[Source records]
----
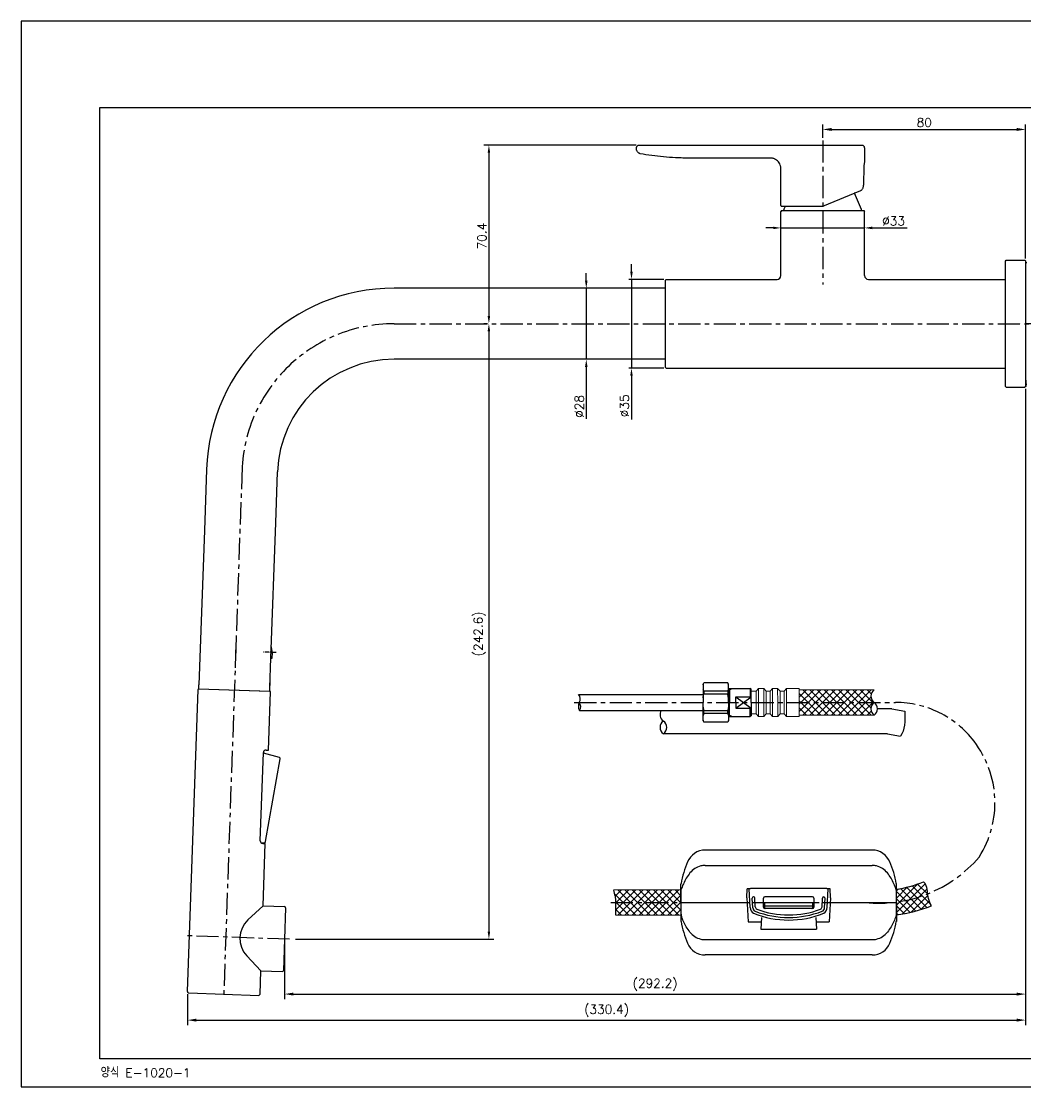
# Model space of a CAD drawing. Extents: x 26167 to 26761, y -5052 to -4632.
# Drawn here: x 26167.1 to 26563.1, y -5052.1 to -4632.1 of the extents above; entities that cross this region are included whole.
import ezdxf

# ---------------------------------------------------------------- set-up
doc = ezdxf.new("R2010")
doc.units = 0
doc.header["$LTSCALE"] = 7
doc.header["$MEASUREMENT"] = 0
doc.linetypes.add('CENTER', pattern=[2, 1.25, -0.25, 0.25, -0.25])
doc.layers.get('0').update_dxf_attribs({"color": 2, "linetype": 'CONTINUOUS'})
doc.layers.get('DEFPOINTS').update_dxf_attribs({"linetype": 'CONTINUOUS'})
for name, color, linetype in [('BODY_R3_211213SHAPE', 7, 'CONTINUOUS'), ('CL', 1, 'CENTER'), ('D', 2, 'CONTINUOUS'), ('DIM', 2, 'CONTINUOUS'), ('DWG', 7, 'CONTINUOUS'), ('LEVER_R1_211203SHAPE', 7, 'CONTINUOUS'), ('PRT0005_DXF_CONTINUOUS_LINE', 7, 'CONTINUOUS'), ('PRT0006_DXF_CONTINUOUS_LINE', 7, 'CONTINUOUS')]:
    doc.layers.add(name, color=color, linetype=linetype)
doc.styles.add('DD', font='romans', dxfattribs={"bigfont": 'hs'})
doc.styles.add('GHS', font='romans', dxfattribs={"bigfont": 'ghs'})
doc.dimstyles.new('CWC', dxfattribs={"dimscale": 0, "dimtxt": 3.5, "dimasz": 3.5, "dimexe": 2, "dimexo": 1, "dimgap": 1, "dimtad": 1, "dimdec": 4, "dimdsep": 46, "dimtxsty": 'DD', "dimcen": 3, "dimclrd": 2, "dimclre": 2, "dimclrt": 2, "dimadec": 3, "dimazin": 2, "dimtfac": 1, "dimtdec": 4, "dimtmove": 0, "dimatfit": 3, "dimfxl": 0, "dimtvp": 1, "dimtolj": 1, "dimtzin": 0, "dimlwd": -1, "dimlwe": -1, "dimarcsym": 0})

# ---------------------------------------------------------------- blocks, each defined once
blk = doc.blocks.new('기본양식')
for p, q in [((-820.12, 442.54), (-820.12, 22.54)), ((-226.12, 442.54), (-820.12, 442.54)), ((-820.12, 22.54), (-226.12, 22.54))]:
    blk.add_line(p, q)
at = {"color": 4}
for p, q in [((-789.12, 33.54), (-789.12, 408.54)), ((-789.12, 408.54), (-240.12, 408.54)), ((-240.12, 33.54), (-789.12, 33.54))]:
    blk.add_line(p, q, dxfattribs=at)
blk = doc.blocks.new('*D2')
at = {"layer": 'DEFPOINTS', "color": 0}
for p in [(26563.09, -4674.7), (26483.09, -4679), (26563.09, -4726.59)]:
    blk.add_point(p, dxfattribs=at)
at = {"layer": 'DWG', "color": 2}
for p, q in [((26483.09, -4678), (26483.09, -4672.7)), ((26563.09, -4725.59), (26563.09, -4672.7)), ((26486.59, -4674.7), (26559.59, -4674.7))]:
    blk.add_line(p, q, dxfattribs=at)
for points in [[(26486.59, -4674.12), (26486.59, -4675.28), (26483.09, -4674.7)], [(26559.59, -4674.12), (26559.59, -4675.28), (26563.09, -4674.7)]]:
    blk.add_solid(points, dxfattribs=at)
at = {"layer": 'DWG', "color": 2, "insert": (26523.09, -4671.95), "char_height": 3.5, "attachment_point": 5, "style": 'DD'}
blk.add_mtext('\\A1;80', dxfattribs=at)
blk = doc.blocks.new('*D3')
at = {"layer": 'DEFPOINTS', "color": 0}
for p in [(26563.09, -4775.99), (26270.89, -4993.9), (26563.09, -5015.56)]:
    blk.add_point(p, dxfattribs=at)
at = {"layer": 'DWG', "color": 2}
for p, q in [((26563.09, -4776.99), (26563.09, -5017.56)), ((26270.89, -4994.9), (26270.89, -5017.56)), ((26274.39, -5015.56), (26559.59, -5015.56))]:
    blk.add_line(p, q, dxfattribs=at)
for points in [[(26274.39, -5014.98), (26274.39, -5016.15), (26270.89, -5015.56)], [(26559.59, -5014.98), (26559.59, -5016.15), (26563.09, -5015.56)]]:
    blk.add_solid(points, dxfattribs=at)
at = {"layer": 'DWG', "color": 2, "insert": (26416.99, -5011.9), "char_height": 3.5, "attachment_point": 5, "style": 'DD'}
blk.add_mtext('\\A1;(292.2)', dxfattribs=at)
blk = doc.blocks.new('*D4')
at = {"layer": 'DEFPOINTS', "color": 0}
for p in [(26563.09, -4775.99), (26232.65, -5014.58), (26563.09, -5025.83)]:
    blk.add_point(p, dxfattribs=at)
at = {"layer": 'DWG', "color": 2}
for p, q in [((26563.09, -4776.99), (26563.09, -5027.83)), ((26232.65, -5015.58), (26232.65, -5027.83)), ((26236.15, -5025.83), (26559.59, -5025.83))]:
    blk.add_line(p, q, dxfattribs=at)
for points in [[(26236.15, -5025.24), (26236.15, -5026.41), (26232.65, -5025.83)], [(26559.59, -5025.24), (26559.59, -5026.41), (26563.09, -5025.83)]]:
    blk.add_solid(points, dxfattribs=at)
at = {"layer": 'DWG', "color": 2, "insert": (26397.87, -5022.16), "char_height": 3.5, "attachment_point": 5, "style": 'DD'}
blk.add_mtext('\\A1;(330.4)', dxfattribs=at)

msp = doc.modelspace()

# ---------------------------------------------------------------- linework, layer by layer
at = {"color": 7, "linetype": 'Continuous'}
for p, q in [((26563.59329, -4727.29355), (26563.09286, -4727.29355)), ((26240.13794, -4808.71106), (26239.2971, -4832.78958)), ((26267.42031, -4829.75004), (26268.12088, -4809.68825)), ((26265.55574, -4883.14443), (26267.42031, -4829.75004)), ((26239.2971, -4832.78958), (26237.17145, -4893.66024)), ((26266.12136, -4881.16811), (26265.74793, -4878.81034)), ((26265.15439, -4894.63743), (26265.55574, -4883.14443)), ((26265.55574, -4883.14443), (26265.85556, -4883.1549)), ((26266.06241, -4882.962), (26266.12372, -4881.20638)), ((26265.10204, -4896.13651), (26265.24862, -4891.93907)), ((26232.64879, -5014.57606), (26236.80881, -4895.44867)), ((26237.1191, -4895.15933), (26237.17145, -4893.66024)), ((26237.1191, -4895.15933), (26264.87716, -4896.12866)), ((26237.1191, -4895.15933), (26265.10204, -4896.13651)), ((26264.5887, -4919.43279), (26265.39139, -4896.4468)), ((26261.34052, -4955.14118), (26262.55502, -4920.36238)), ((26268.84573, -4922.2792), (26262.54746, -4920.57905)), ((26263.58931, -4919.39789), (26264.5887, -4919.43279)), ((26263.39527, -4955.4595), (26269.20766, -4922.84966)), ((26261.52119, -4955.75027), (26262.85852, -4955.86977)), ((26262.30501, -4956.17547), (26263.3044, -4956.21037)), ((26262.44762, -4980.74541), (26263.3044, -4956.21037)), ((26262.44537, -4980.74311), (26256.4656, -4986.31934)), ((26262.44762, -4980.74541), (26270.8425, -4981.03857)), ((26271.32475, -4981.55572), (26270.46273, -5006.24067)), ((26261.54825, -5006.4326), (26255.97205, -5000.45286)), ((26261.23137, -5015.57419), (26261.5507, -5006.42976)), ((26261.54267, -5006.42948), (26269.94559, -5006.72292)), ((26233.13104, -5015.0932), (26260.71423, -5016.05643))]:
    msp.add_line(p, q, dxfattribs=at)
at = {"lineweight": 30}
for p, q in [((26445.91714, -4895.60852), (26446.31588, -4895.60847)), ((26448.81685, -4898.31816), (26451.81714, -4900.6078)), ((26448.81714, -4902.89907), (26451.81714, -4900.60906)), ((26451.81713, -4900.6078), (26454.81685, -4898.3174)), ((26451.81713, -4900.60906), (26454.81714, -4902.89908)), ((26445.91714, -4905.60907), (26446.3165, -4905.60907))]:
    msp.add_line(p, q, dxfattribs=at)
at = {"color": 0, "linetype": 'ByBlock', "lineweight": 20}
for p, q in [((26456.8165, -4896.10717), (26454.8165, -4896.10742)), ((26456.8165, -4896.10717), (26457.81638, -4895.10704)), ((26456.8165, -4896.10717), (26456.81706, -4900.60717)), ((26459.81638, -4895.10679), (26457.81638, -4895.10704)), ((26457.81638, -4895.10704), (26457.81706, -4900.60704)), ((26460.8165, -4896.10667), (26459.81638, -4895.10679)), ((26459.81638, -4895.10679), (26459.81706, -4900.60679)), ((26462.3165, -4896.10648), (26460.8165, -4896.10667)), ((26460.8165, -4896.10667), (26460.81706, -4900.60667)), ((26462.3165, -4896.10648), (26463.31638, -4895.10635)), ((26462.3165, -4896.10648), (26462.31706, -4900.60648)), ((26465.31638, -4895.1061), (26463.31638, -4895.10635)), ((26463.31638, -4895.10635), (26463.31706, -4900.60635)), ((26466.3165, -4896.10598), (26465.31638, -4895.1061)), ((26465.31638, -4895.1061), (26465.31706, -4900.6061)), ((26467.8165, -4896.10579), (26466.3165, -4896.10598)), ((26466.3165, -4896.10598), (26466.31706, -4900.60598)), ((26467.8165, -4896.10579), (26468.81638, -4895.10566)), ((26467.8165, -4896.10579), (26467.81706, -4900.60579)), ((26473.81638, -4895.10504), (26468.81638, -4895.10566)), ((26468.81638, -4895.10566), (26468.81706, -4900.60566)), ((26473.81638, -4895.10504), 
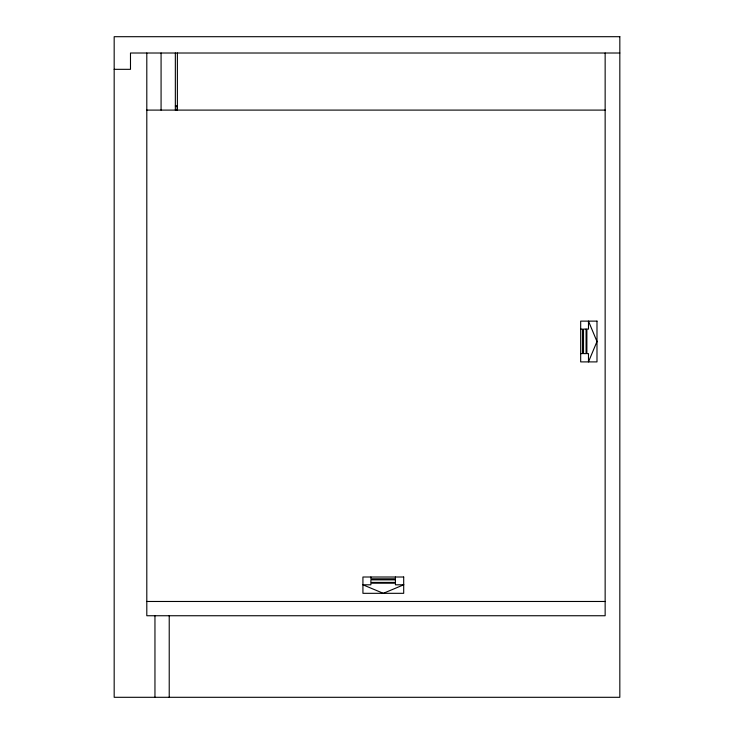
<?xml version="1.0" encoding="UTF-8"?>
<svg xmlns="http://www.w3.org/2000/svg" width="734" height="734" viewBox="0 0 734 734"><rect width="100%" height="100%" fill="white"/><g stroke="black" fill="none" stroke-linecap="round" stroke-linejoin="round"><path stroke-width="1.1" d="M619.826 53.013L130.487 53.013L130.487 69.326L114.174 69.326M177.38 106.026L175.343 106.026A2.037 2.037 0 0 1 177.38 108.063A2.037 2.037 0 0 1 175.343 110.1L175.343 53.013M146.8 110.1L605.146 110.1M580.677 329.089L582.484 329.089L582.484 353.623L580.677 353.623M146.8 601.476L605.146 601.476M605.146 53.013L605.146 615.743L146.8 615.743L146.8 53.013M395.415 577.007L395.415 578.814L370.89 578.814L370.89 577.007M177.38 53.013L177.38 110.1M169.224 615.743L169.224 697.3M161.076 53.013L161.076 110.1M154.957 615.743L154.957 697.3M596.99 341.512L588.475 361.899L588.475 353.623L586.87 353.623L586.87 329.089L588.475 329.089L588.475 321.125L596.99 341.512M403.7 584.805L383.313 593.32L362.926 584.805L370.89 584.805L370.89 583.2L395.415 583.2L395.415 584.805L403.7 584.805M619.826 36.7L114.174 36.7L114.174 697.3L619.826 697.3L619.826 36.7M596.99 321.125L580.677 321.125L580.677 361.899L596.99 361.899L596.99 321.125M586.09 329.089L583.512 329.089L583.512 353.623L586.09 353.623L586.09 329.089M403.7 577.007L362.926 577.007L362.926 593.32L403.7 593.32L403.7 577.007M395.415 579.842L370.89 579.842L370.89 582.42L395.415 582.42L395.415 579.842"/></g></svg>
----
REQUIRED ACTION
Give back exactly the lines above, from the line containing "blk.add_mtext('\\A1;80', dxfattribs=at)" through the line containing "layer by layer", with both end lines and nothing more.

RESULT FOR THIS EXERCISE
blk.add_mtext('\\A1;80', dxfattribs=at)
blk = doc.blocks.new('*D3')
at = {"layer": 'DEFPOINTS', "color": 0}
for p in [(26563.09, -4775.99), (26270.89, -4993.9), (26563.09, -5015.56)]:
    blk.add_point(p, dxfattribs=at)
at = {"layer": 'DWG', "color": 2}
for p, q in [((26563.09, -4776.99), (26563.09, -5017.56)), ((26270.89, -4994.9), (26270.89, -5017.56)), ((26274.39, -5015.56), (26559.59, -5015.56))]:
    blk.add_line(p, q, dxfattribs=at)
for points in [[(26274.39, -5014.98), (26274.39, -5016.15), (26270.89, -5015.56)], [(26559.59, -5014.98), (26559.59, -5016.15), (26563.09, -5015.56)]]:
    blk.add_solid(points, dxfattribs=at)
at = {"layer": 'DWG', "color": 2, "insert": (26416.99, -5011.9), "char_height": 3.5, "attachment_point": 5, "style": 'DD'}
blk.add_mtext('\\A1;(292.2)', dxfattribs=at)
blk = doc.blocks.new('*D4')
at = {"layer": 'DEFPOINTS', "color": 0}
for p in [(26563.09, -4775.99), (26232.65, -5014.58), (26563.09, -5025.83)]:
    blk.add_point(p, dxfattribs=at)
at = {"layer": 'DWG', "color": 2}
for p, q in [((26563.09, -4776.99), (26563.09, -5027.83)), ((26232.65, -5015.58), (26232.65, -5027.83)), ((26236.15, -5025.83), (26559.59, -5025.83))]:
    blk.add_line(p, q, dxfattribs=at)
for points in [[(26236.15, -5025.24), (26236.15, -5026.41), (26232.65, -5025.83)], [(26559.59, -5025.24), (26559.59, -5026.41), (26563.09, -5025.83)]]:
    blk.add_solid(points, dxfattribs=at)
at = {"layer": 'DWG', "color": 2, "insert": (26397.87, -5022.16), "char_height": 3.5, "attachment_point": 5, "style": 'DD'}
blk.add_mtext('\\A1;(330.4)', dxfattribs=at)

msp = doc.modelspace()

# ---------------------------------------------------------------- linework, layer by layer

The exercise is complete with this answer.